Chairmen, CEOs and top executives are paid crores of rupees.
 Monopolistic control & Exploitation of consumers: Companies often forms of business
combinations to eliminate competition, thereby creating monopoly and charging maximum
prices from the consumers. By such practices companies do supernormal profits and
exploit the consumers.
 Excessive Government control and interference: As discussed earlier, there are too
many provisions and legalities that a company has to undergo from time to time. This
excessive control and interference hampers the functioning the company and reduces the
level of enthusiasm.
INTRODUCTION
 A One Person Company (OPC) has a recent origin.
 The concept of an OPC was introduced by the Companies Act,
2013.
 As per the Act, a single national person can constitute a company
under the One Person Company (OPC) concept.
 The introduction of the One Person Company (OPC) in the legal
system is a move that would encourage corporatization of micro
business and entrepreneurship.
 It is a simple form of Limited Liability Company.
 It safeguards the businessman from unlimited liability.
 A One Person Company can be registered under the Companies
Act, 2013.
Characteristics of OPC
 Meaning: An OPC is a new type of business organisation that allows a single
entrepreneur to operate as corporate entity with limited liability protection.
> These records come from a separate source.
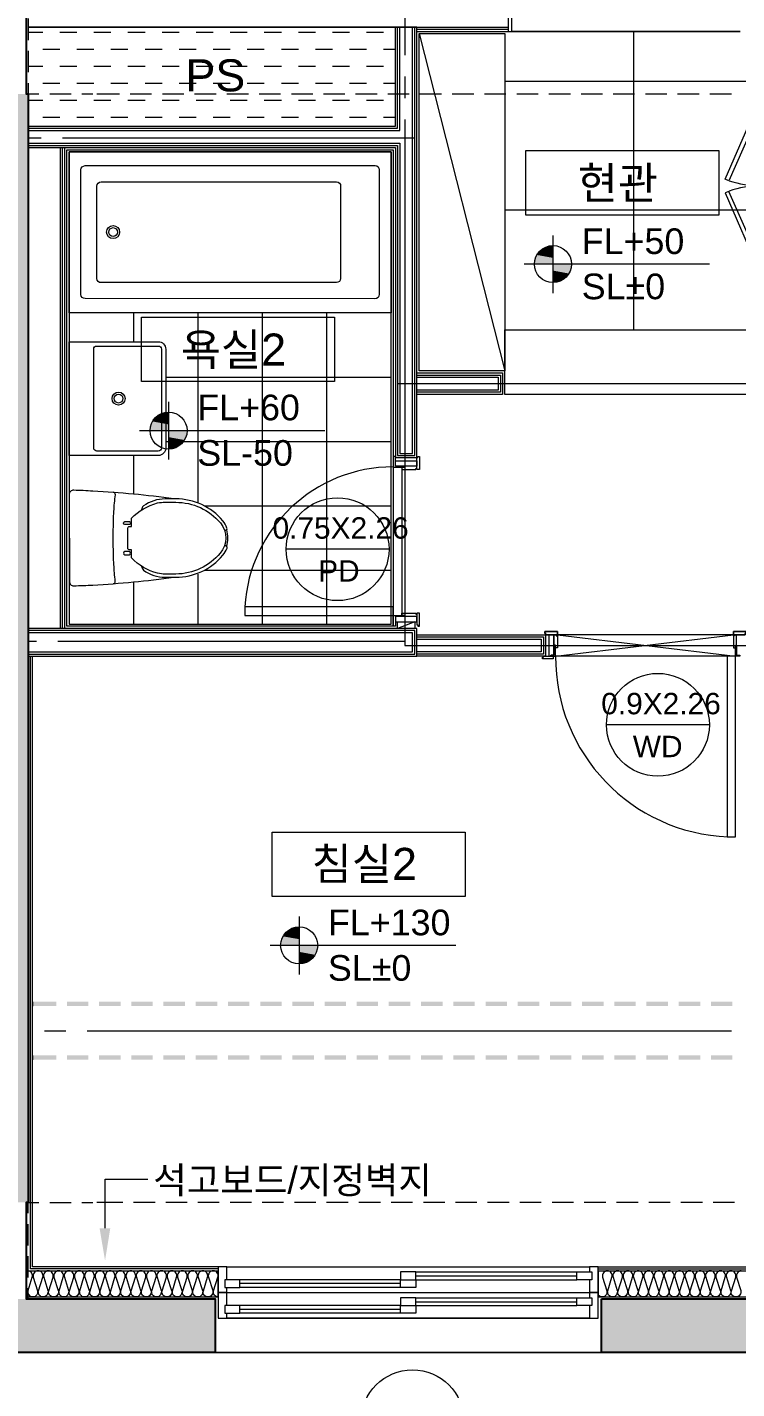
# Model space of a CAD drawing. Header units: millimetres. Extents: x 906 to 41302, y 848 to 28850.
# Drawn here: x 8475 to 11780, y 10284 to 16627 of the extents above; entities that cross this region are included whole.
import ezdxf

# ---------------------------------------------------------------- set-up
doc = ezdxf.new("R2010")
doc.units = ezdxf.units.MM
for name, color, linetype in [('PDF_A-ANNO-LEAD', 7, 'Continuous'), ('PDF_A-ANNO-PONT', 7, 'Continuous'), ('PDF_A-FLOR-GRID', 7, 'Continuous'), ('PDF_A-FLOR-ROOM-IDEN', 7, 'Continuous'), ('PDF_A-WIN-IDEN', 7, 'Continuous'), ('PDF_X-단위세대$및$주동평면도$A-DOOR', 7, 'Continuous'), ('PDF_X-단위세대$및$주동평면도$A-FIN-INSL', 7, 'Continuous'), ('PDF_X-단위세대$및$주동평면도$A-FIN-INSL-HID', 7, 'Continuous'), ('PDF_X-단위세대$및$주동평면도$A-FLOR-FLIN-TYP', 7, 'Continuous'), ('PDF_X-단위세대$및$주동평면도$A-FLOR-FURN-FIX', 7, 'Continuous'), ('PDF_X-단위세대$및$주동평면도$A-FLOR-GRID', 7, 'Continuous'), ('PDF_X-단위세대$및$주동평면도$A-FLOR-TOIL', 7, 'Continuous'), ('PDF_X-단위세대$및$주동평면도$A-ST-AXIS-CEN', 7, 'Continuous'), ('PDF_X-단위세대$및$주동평면도$A-ST-AXIS-CEN-SUB', 7, 'Continuous'), ('PDF_X-단위세대$및$주동평면도$A-ST-CONC', 7, 'Continuous'), ('PDF_X-단위세대$및$주동평면도$A-WALL-DRY', 7, 'Continuous'), ('PDF_X-단위세대$및$주동평면도$A-WALL-EXT', 7, 'Continuous'), ('PDF_X-단위세대$및$주동평면도$A-WIN', 7, 'Continuous'), ('PDF_문자', 7, 'Continuous')]:
    doc.layers.add(name, color=color, linetype=linetype)
doc.layers.add('PDF_X-단위세대$및$주동평면도$A-FIN-INSL-HAT', color=7, linetype='Continuous', true_color=0x666666)
doc.layers.add('PDF_X-단위세대$및$주동평면도$S-ST-CONC-PAT1', color=7, linetype='Continuous', true_color=0xb7b7b7)
doc.styles.add('PDF Arial', font='arial.ttf')

msp = doc.modelspace()

# ---------------------------------------------------------------- linework, layer by layer
at = {"layer": 'PDF_A-ANNO-LEAD', "lineweight": 9}
msp.add_lwpolyline([(8837.1, 11031), (8837.1, 11260.7), (9037.1, 11260.7)], dxfattribs=at)
at = {"layer": 'PDF_A-ANNO-LEAD', "transparency": 33554559}
msp.add_solid([(8861.4, 11031), (8837.1, 10880.7), (8811.7, 11031)], dxfattribs=at)
at = {"layer": 'PDF_A-ANNO-PONT', "lineweight": 13}
for points in [[(10923.1, 15657), (10923.1, 15388.2)], [(11652.3, 15522.6), (10788.7, 15522.6)], [(9132.4, 14881.2), (9132.4, 14612.4)], [(9861.6, 14746.8), (8998, 14746.8)], [(9740.9, 12483), (9740.9, 12214.2)], [(10471.2, 12348.6), (9606.5, 12348.6)]]:
    msp.add_lwpolyline(points, dxfattribs=at)
for centre in [(10923.6, 15523.1), (9132.9, 14747.4), (9741.4, 12349.2)]:
    msp.add_circle(centre, 86.3, dxfattribs=at)
at = {"layer": 'PDF_A-ANNO-PONT', "transparency": 33554559}
for points in [[(10908.2, 15607.3), (10923.1, 15604.1), (10893.4, 15604.1)], [(10923.1, 15609.4), (10923.1, 15607.3), (10908.2, 15607.3)], [(10923.1, 15607.3), (10908.2, 15607.3), (10923.1, 15604.1)], [(10841.6, 15552.2), (10923.1, 15537.4), (10838.4, 15537.4)], [(10847.9, 15566), (10923.1, 15552.2), (10841.6, 15552.2)], [(10923.1, 15552.2), (10841.6, 15552.2), (10923.1, 15537.4)], [(10856.4, 15577.6), (10923.1, 15566), (10847.9, 15566)], [(10923.1, 15566), (10847.9, 15566), (10923.1, 15552.2)], [(10867, 15588.2), (10923.1, 15577.6), (10856.4, 15577.6)], [(10923.1, 15577.6), (10856.4, 15577.6), (10923.1, 15566)], [(10879.7, 15597.7), (10923.1, 15588.2), (10867, 15588.2)], [(10923.1, 15588.2), (10867, 15588.2), (10923.1, 15577.6)], [(10893.4, 15604.1), (10923.1, 15597.7), (10879.7, 15597.7)], [(10923.1, 15597.7), (10879.7, 15597.7), (10923.1, 15588.2)], [(10923.1, 15604.1), (10893.4, 15604.1), (10923.1, 15597.7)], [(10838.4, 15537.4), (10923.1, 15522.6), (10836.3, 15522.6)], [(10923.1, 15537.4), (10838.4, 15537.4), (10923.1, 15522.6)], [(11009.8, 15522.6), (10923.1, 15522.6), (11007.7, 15507.8)], [(10923.1, 15522.6), (11007.7, 15507.8), (10923.1, 15507.8)], [(11007.7, 15507.8), (10923.1, 15507.8), (11004.6, 15493)], [(10923.1, 15507.8), (11004.6, 15493), (10923.1, 15493)], [(11004.6, 15493), (10923.1, 15493), (10998.2, 15479.2)], [(10923.1, 15493), (10998.2, 15479.2), (10923.1, 15479.2)], [(10998.2, 15479.2), (10923.1, 15479.2), (10988.7, 15466.5)], [(10923.1, 15479.2), (10988.7, 15466.5), (10923.1, 15466.5)], [(10988.7, 15466.5), (10923.1, 15466.5), (10978.1, 15455.9)], [(10923.1, 15466.5), (10978.1, 15455.9), (10923.1, 15455.9)], [(10978.1, 15455.9), (10923.1, 15455.9), (10966.5, 15447.4)], [(10923.1, 15455.9), (10966.5, 15447.4), (10923.1, 15447.4)], [(10966.5, 15447.4), (10923.1, 15447.4), (10952.7, 15441.1)], [(10923.1, 15447.4), (10952.7, 15441.1), (10923.1, 15441.1)], [(10923.1, 15441.1), (10923.1, 15436.9), (10937.9, 15436.9)], [(10923.1, 15441.1), (10952.7, 15441.1), (10937.9, 15436.9)], [(10923.1, 15436.9), (10937.9, 15436.9), (10923.1, 15435.8)], [(9057.2, 14790.2), (9132.4, 14776.5), (9050.9, 14776.5)], [(9066.7, 14802.9), (9132.4, 14790.2), (9057.2, 14790.2)], [(9132.4, 14790.2), (9057.2, 14790.2), (9132.4, 14776.5)], [(9077.3, 14813.5), (9132.4, 14802.9), (9066.7, 14802.9)], [(9132.4, 14802.9), (9066.7, 14802.9), (9132.4, 14790.2)], [(9089, 14822), (9132.4, 14813.5), (9077.3, 14813.5)], [(9132.4, 14813.5), (9077.3, 14813.5), (9132.4, 14802.9)], [(9102.7, 14828.3), (9132.4, 14822), (9089, 14822)], [(9132.4, 14822), (9089, 14822), (9132.4, 14813.5)], [(9117.5, 14832.6), (9132.4, 14828.3), (9102.7, 14828.3)], [(9132.4, 14828.3), (9102.7, 14828.3), (9132.4, 14822)], [(9132.4, 14833.6), (9132.4, 14832.6), (9117.5, 14832.6)], [(9132.4, 14832.6), (9117.5, 14832.6), (9132.4, 14828.3)], [(9047.7, 14761.6), (9132.4, 14746.8), (9045.6, 14746.8)], [(9050.9, 14776.5), (9132.4, 14761.6), (9047.7, 14761.6)], [(9132.4, 14761.6), (9047.7, 14761.6), (9132.4, 14746.8)], [(9132.4, 14776.5), (9050.9, 14776.5), (9132.4, 14761.6)], [(9219.1, 14746.8), (9132.4, 14746.8), (9217, 14732)], [(9132.4, 14746.8), (9217, 14732), (9132.4, 14732)], [(9217, 14732), (9132.4, 14732), (9213.9, 14717.2)], [(9132.4, 14732), (9213.9, 14717.2), (9132.4, 14717.2)], [(9213.9, 14717.2), (9132.4, 14717.2), (9207.5, 14703.4)], [(9132.4, 14717.2), (9207.5, 14703.4), (9132.4, 14703.4)], [(9207.5, 14703.4), (9132.4, 14703.4), (9199, 14691.8)], [(9132.4, 14703.4), (9199, 14691.8), (9132.4, 14691.8)], [(9199, 14691.8), (9132.4, 14691.8), (9188.5, 14681.2)], [(9132.4, 14691.8), (9188.5, 14681.2), (9132.4, 14681.2)], [(9188.5, 14681.2), (9132.4, 14681.2), (9175.8, 14671.7)], [(9132.4, 14681.2), (9175.8, 14671.7), (9132.4, 14671.7)], [(9175.8, 14671.7), (9132.4, 14671.7), (9162, 14665.3)], [(9132.4, 14671.7), (9162, 14665.3), (9132.4, 14665.3)], [(9132.4, 14665.3), (9132.4, 14662.2), (9147.2, 14662.2)], [(9132.4, 14665.3), (9162, 14665.3), (9147.2, 14662.2)], [(9132.4, 14662.2), (9147.2, 14662.2), (9132.4, 14661.1)], [(9726.1, 12433.3), (9740.9, 12429.1), (9711.3, 12429.1)], [(9740.9, 12434.4), (9740.9, 12433.3), (9726.1, 12433.3)], [(9740.9, 12433.3), (9726.1, 12433.3), (9740.9, 12429.1)], [(9660.5, 12378.3), (9740.9, 12363.5), (9656.2, 12363.5)], [(9666.8, 12391), (9740.9, 12378.3), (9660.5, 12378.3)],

The One
Person Company is a hybrid form of business organisation that combines features of
sole-proprietorship and a joint stock company.
 The Act Applicable: One Person Company can be registered under the Companies Act,

2013. With the implementation of the Companies Act, 2013, a single national person can
constitute a Company under the One Person Company (OPC) concept.
 Purpose: An OPC safeguards the businessman from unlimited liability. It enables

individual capabilities to contribute to economic growth and generate employment


opportunity.
 Mandatory Conditions: As per OPC (Rule 3), only a natural person, who is an Indian

citizen and resident of India, shall be eligible to incorporate a One Person Company.
 Only One Shareholder: As the name indicates, a single person can set up a company. A

natural person, with certain mandatory conditions, can create a One Person Company.
 Separate Entity: A One person Company (OPC) has a separate legal entity. It
can operate same as private company. It can own property, can enter into the
contract, and can incur debts.
 Limited Liability: A one person company is characterized by limited liability.
Liability is limited to company’s capital and wealth.
 Continuity or Stability: This Company has separate legal entity. Its existence
is not affected by the death or departure of any member. In case of death or
inability of the member, the nominee can take the charge of company.
 Owning Property: A company is legal person. It can acquire, own, enjoy, or
sell property on its own name. The shareholder cannot make any claim as long
as the company continues.
 Number of Director: This type of company has only one director. The sole
shareholder can himself be the sole director. An OPC can employ necessary
managerial and operative staff to manage activities.